◆ ASSIGNED TASK: Read the entries below and pull out each line with the string "dimension".

◆ THE DATA:
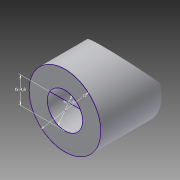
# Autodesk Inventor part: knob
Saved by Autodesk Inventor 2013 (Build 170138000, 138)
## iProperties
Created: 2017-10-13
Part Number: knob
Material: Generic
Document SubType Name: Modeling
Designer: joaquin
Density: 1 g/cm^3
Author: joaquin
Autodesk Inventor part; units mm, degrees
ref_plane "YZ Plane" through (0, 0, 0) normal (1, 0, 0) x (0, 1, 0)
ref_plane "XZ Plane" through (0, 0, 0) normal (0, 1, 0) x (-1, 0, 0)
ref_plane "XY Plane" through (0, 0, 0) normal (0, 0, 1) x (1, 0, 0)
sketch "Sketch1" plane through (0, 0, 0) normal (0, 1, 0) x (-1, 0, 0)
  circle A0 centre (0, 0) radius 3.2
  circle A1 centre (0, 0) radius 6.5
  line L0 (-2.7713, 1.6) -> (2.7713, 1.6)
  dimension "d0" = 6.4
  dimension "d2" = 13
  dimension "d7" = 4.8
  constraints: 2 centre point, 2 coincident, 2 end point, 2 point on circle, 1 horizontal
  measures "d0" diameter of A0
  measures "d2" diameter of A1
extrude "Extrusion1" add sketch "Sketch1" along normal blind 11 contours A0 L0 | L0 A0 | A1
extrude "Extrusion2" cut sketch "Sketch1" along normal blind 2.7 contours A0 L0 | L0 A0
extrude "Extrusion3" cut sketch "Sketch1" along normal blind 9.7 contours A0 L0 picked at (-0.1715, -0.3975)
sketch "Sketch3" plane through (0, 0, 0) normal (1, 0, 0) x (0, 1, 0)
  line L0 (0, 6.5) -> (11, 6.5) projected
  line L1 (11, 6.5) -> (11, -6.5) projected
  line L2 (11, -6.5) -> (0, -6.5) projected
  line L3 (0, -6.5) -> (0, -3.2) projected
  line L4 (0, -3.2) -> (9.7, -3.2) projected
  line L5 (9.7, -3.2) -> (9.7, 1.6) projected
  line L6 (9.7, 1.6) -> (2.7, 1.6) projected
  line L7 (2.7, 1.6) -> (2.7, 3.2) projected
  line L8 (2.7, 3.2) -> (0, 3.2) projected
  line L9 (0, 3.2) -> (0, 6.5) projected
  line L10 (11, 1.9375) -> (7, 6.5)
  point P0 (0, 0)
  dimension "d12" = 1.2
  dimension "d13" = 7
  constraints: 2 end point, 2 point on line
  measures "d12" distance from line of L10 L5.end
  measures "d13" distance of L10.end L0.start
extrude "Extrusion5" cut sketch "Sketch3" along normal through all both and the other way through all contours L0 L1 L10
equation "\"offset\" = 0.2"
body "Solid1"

◆ SOLUTION BELOW:
  dimension "d0" = 6.4
  dimension "d2" = 13
  dimension "d7" = 4.8
  dimension "d12" = 1.2
  dimension "d13" = 7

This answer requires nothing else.